Before, my mother had told me that I should have activities outside school
that I could show for. Part of it was for colleges, as I would have a hard
time competing with others if I didn’t do much outside school. However, my
mother also said that part of it was being a fuller person. I used to feel
frustrated because I felt like she wanted me to do stuff just for college, a
motivation that I felt was “phony,” but now I see what she meant about being
more active in general.

------
crazynick4
In my experience, life has become more fun and carefree since I've become an
adult, not vice versa. It's ironic, as youd expect adult life to be laden with
more responsibity and "seriousness" but the truth is that work is easier than
school (as long as you're not married with children), and you have financial
freedom to pursue your interests. Your adult life can be what you make it.
You're not stuck with the same social group so you're free to associate with
who you want. I wouldn't go back to high school or even college if I had the
chance.

------
ebcode
> Is it normal that I don't have close friends and that I'm solitary? Am I
> missing out on anything?

Given your interest in type theory, it's definitely normal for you to be
solitary. Most mathematicians are. A lot of writers, too, I imagine.

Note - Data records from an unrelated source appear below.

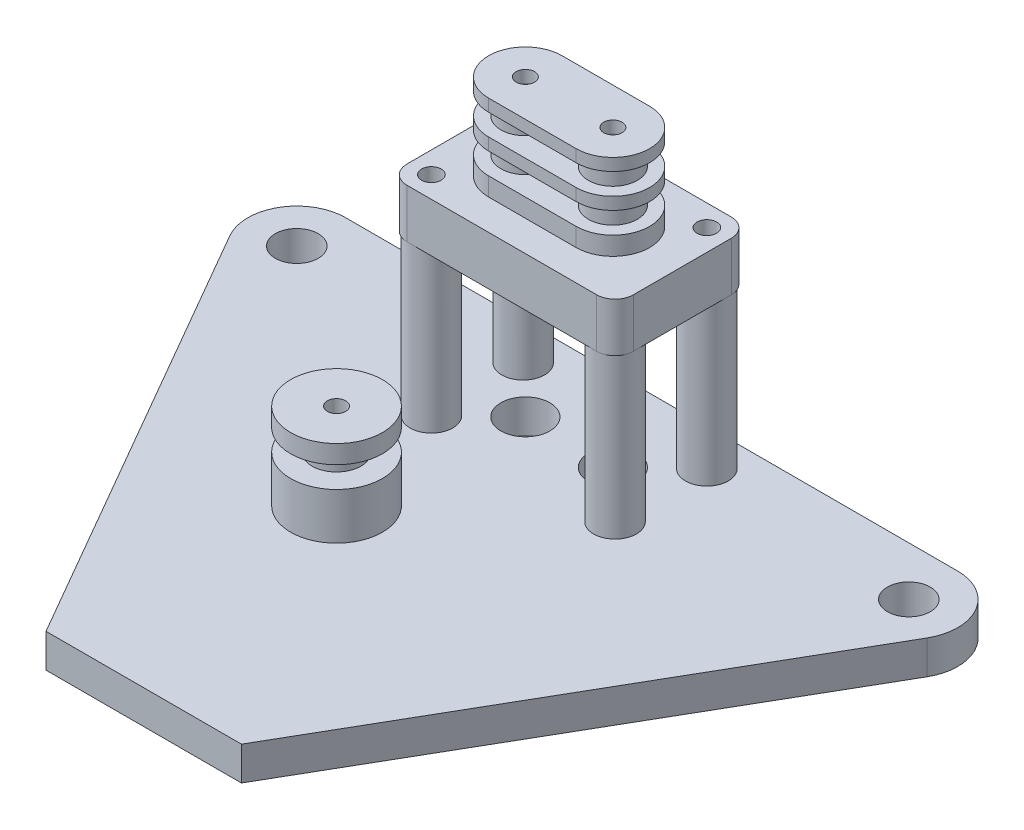
SolidWorks part; units mm, degrees
ref_plane "正面" through (0, 0, 0) normal (0, 0, 1) x (1, 0, 0)
ref_plane "平面" through (0, 0, 0) normal (0, 1, 0) x (1, 0, 0)
ref_plane "右側面" through (0, 0, 0) normal (1, 0, 0) x (0, 0, -1)
sketch "ｽｹｯﾁ1" plane through (0, 0, 0) normal (0, 1, 0) x (1, 0, 0)
  line L0 (0, -41.5) -> (0, 41.5) construction
  line L2 (-56.9295, 29.5022) -> (-15.9664, -41.5)
  line L3 (-15.9664, -41.5) -> (15.9664, -41.5)
  line L4 (56.9295, 29.5022) -> (15.9664, -41.5)
  line L7 (-50, 41.5) -> (50, 41.5)
  line L8 (0, 28) -> (-7.15, 28) construction
  line L9 (-3.15, 28) -> (-3.15, 41.5) construction
  line L10 (3.15, 28) -> (3.15, 41.5) construction
  line L11 (-50, 33.5) -> (0, 33.5) construction
  line L12 (-7.15, 32) -> (7.15, 32) construction
  line L13 (-10, 4) -> (0, 4) construction
  line L14 (-10, 5.5) -> (0, 5.5) construction
  circle A0 centre (-50, 33.5) radius 3.5
  arc A1 (-50, 41.5) -> (-56.9295, 29.5022) centre (-50, 33.5) ccw
  arc A2 (-56.9295, 29.5022) -> (-50, 41.5) centre (-50, 33.5) ccw construction
  arc A3 (56.9295, 29.5022) -> (50, 41.5) centre (50, 33.5) cw construction
  arc A4 (50, 41.5) -> (56.9295, 29.5022) centre (50, 33.5) cw
  circle A5 centre (50, 33.5) radius 3.5
  circle A6 centre (-7.15, 28) radius 4
  circle A7 centre (-7.15, 28) radius 1.5 construction
  circle A8 centre (7.15, 28) radius 4
  circle A9 centre (7.15, 28) radius 1.5 construction
  circle A10 centre (-10, 0) radius 1.5
  circle A11 centre (-10, 0) radius 4 construction
  point P15 (0, 0)
  dimension "D1" = 7
  dimension "D2" = 16
  dimension "D5" = 3
  dimension "D6" = 8
  dimension "D3" = 100
  dimension "D4" = 75
  dimension "D7" = 6.3
  dimension "D8" = 1.5
  dimension "D10" = 1.5
  dimension "D11" = 28
  dimension "10" = 10
extrude "ﾎﾞｽ - 押し出し1" add sketch "ｽｹｯﾁ1" along normal blind 5.5
sketch "ｽｹｯﾁ3" plane through (0, 5.5, 0) normal (0, 1, 0) x (1, 0, 0)
  circle A0 centre (-10, 0) radius 7.5
  circle A1 centre (-10, 0) radius 1.5 construction
  circle A2 centre (-10, 0) radius 1.5
  dimension "D1" = 15
extrude "ﾎﾞｽ - 押し出し2" add sketch "ｽｹｯﾁ3" along normal blind 7.6 separate body
sketch "ｽｹｯﾁ4" plane through (0, 13.1, 0) normal (0, 1, 0) x (1, 0, 0)
  circle A0 centre (-10, 0) radius 3
  circle A1 centre (-10, 0) radius 1.5 construction
  circle A2 centre (-10, 0) radius 1.5
  dimension "D1" = 6
extrude "ﾎﾞｽ - 押し出し3" add sketch "ｽｹｯﾁ4" along normal blind 3.5 separate body
sketch "ｽｹｯﾁ5" plane through (0, 13.1, 0) normal (0, 1, 0) x (1, 0, 0)
  circle A0 centre (-10, 0) radius 3.1
  circle A1 centre (-10, 0) radius 4
  dimension "D1" = 6.2
  dimension "D2" = 8
extrude "ﾎﾞｽ - 押し出し4" add sketch "ｽｹｯﾁ5" along normal blind 3 separate body
sketch "ｽｹｯﾁ6" plane through (0, 16.6, 0) normal (0, 1, 0) x (1, 0, 0)
  circle A0 centre (-10, 0) radius 1.5 construction
  circle A1 centre (-10, 0) radius 1.5
  circle A2 centre (-10, 0) radius 7.5
  dimension "D1" = 15
extrude "ﾎﾞｽ - 押し出し5" add sketch "ｽｹｯﾁ6" along normal blind 3 separate body
sketch "ｽｹｯﾁ7" plane through (0, 5.5, 0) normal (0, 1, 0) x (1, 0, 0)
  line L5 (15, 20.5) -> (-15, 20.5) construction
  line L6 (15, 20.5) -> (15, 35.5) construction
  line L7 (15, 35.5) -> (-15, 35.5) construction
  line L8 (-15, 20.5) -> (-15, 35.5) construction
  line L9 (15, 20.5) -> (-15, 35.5) construction
  line L10 (15, 35.5) -> (-15, 20.5) construction
  circle A8 centre (-15, 35.5) radius 1.6
  circle A9 centre (-15, 20.5) radius 1.6
  circle A10 centre (15, 20.5) radius 1.6
  circle A11 centre (15, 35.5) radius 1.6
  circle A12 centre (-15, 35.5) radius 3.5
  circle A13 centre (-15, 20.5) radius 3.5
  circle A14 centre (15, 35.5) radius 3.5
  circle A15 centre (15, 20.5) radius 3.5
  point P0 (0, 28)
  dimension "D1" = 30
  dimension "D2" = 15
  dimension "D3" = 3.2
  dimension "D4" = 7
extrude "ﾎﾞｽ - 押し出し6" add sketch "ｽｹｯﾁ7" along normal blind 26.1 separate body
sketch "ｽｹｯﾁ8" plane through (0, 5.5, 0) normal (0, 1, 0) x (1, 0, 0)
  circle A0 centre (15, 35.5) radius 1.6 construction
  circle A1 centre (15, 20.5) radius 1.6 construction
  circle A3 centre (-15, 20.5) radius 1.6 construction
  circle A4 centre (-15, 35.5) radius 1.6 construction
  circle A5 centre (15, 35.5) radius 1.6
  circle A6 centre (-15, 20.5) radius 1.6
  circle A7 centre (-15, 35.5) radius 1.6
  circle A8 centre (15, 20.5) radius 1.6
extrude "ｶｯﾄ - 押し出し1" cut sketch "ｽｹｯﾁ8" against normal through all
sketch "ｽｹｯﾁ9" plane through (0, 31.6, 0) normal (0, 1, 0) x (1, 0, 0)
  line L1 (15.5, 17) -> (-15.5, 17)
  line L2 (18.5, 20) -> (18.5, 36)
  line L3 (15.5, 39) -> (-15.5, 39)
  line L4 (-18.5, 20) -> (-18.5, 36)
  line L5 (18.5, 17) -> (-18.5, 39) construction
  line L6 (18.5, 39) -> (-18.5, 17) construction
  circle A0 centre (-15, 35.5) radius 1.6 construction
  circle A1 centre (-15, 20.5) radius 1.6 construction
  circle A2 centre (15, 35.5) radius 1.6 construction
  circle A3 centre (15, 35.5) radius 1.6
  circle A4 centre (-15, 20.5) radius 1.6
  circle A5 centre (-15, 35.5) radius 1.6
  circle A6 centre (-15, 35.5) radius 3.5 construction
  arc A7 (18.5, 36) -> (15.5, 39) centre (15.5, 36) ccw
  arc A8 (15.5, 17) -> (18.5, 20) centre (15.5, 20) ccw
  arc A9 (-15.5, 17) -> (-18.5, 20) centre (-15.5, 20) cw
  arc A10 (-15.5, 39) -> (-18.5, 36) centre (-15.5, 36) ccw
  circle A11 centre (7.15, 28) radius 1.5 construction
  circle A12 centre (-7.15, 28) radius 1.5 construction
  circle A13 centre (7.15, 28) radius 1.5
  circle A14 centre (-7.15, 28) radius 1.5
  point P0 (0, 28)
  dimension "D1" = 3
extrude "ﾎﾞｽ - 押し出し7" add sketch "ｽｹｯﾁ9" along normal blind 8
sketch "ｽｹｯﾁ10" plane through (0, 39.6, 0) normal (0, 1, 0) x (1, 0, 0)
  line L0 (-7.15, 28) -> (7.15, 28) construction
  line L1 (-7.15, 34) -> (7.15, 34)
  line L2 (-7.15, 22) -> (7.15, 22)
  arc A0 (-7.15, 34) -> (-7.15, 22) centre (-7.15, 28) ccw
  arc A1 (7.15, 22) -> (7.15, 34) centre (7.15, 28) ccw
  circle A2 centre (7.15, 28) radius 1.5 construction
  circle A3 centre (-7.15, 28) radius 1.5 construction
  circle A4 centre (7.15, 28) radius 1.5
  circle A5 centre (-7.15, 28) radius 1.5
  point P4 (0, 28)
  dimension "D1" = 6
extrude "ﾎﾞｽ - 押し出し9" add sketch "ｽｹｯﾁ10" along normal blind 3 separate body
sketch "ｽｹｯﾁ11" plane through (0, 42.6, 0) normal (0, 1, 0) x (1, 0, 0)
  circle A0 centre (7.15, 28) radius 1.5 construction
  circle A1 centre (-7.15, 28) radius 1.5 construction
  circle A2 centre (7.15, 28) radius 1.5
  circle A3 centre (-7.15, 28) radius 1.5
  circle A4 centre (-7.15, 28) radius 2.5
  circle A5 centre (7.15, 28) radius 2.5
  dimension "D1" = 5
extrude "ﾎﾞｽ - 押し出し10" add sketch "ｽｹｯﾁ11" along normal blind 3.5 separate body
sketch "ｽｹｯﾁ12" plane through (0, 42.6, 0) normal (0, 1, 0) x (1, 0, 0)
  circle A0 centre (-7.15, 28) radius 2.6
  circle A1 centre (-7.15, 28) radius 4 construction
  circle A2 centre (-7.15, 28) radius 4
  circle A3 centre (7.15, 28) radius 2.6
  circle A4 centre (7.15, 28) radius 4 construction
  circle A5 centre (7.15, 28) radius 4
  dimension "D1" = 5.2
extrude "ﾎﾞｽ - 押し出し11" add sketch "ｽｹｯﾁ12" along normal blind 3 separate body
sketch "ｽｹｯﾁ13" plane through (0, 46.1, 0) normal (0, 1, 0) x (1, 0, 0)
  line L2 (-7.15, 22) -> (7.15, 22)
  line L3 (7.15, 34) -> (-7.15, 34)
  line L4 (-7.15, 22) -> (7.15, 22)
  line L5 (7.15, 34) -> (-7.15, 34)
  circle A0 centre (7.15, 28) radius 1.5 construction
  circle A1 centre (-7.15, 28) radius 1.5 construction
  arc A2 (-7.15, 34) -> (-7.15, 22) centre (-7.15, 28) ccw
  arc A3 (7.15, 22) -> (7.15, 34) centre (7.15, 28) ccw
  arc A4 (-7.15, 34) -> (-7.15, 22) centre (-7.15, 28) ccw
  arc A5 (7.15, 22) -> (7.15, 34) centre (7.15, 28) ccw
  circle A6 centre (7.15, 28) radius 1.5
  circle A7 centre (-7.15, 28) radius 1.5
  dimension "D1" = 0
extrude "ﾎﾞｽ - 押し出し12" add sketch "ｽｹｯﾁ13" along normal blind 2 separate body
pattern_linear "直線ﾊﾟﾀｰﾝ1" count 2 spacing 5.5 along (0, 1, 0) of bodies 118 117 116 114 115

But you _are_ missing out on something, as a lot of us "programmer-types" are,
which is a healthy social life. We can connect with others online, but I think
we'd be fooling ourselves if we thought that being social online can replace
being social IRL.

My recommendation is that you put some work into making a good friend with
similar interests to your own. There's got to be someone at your school who is
also interested in programming. Find that/those person/s and befriend them.
You'll be glad you did.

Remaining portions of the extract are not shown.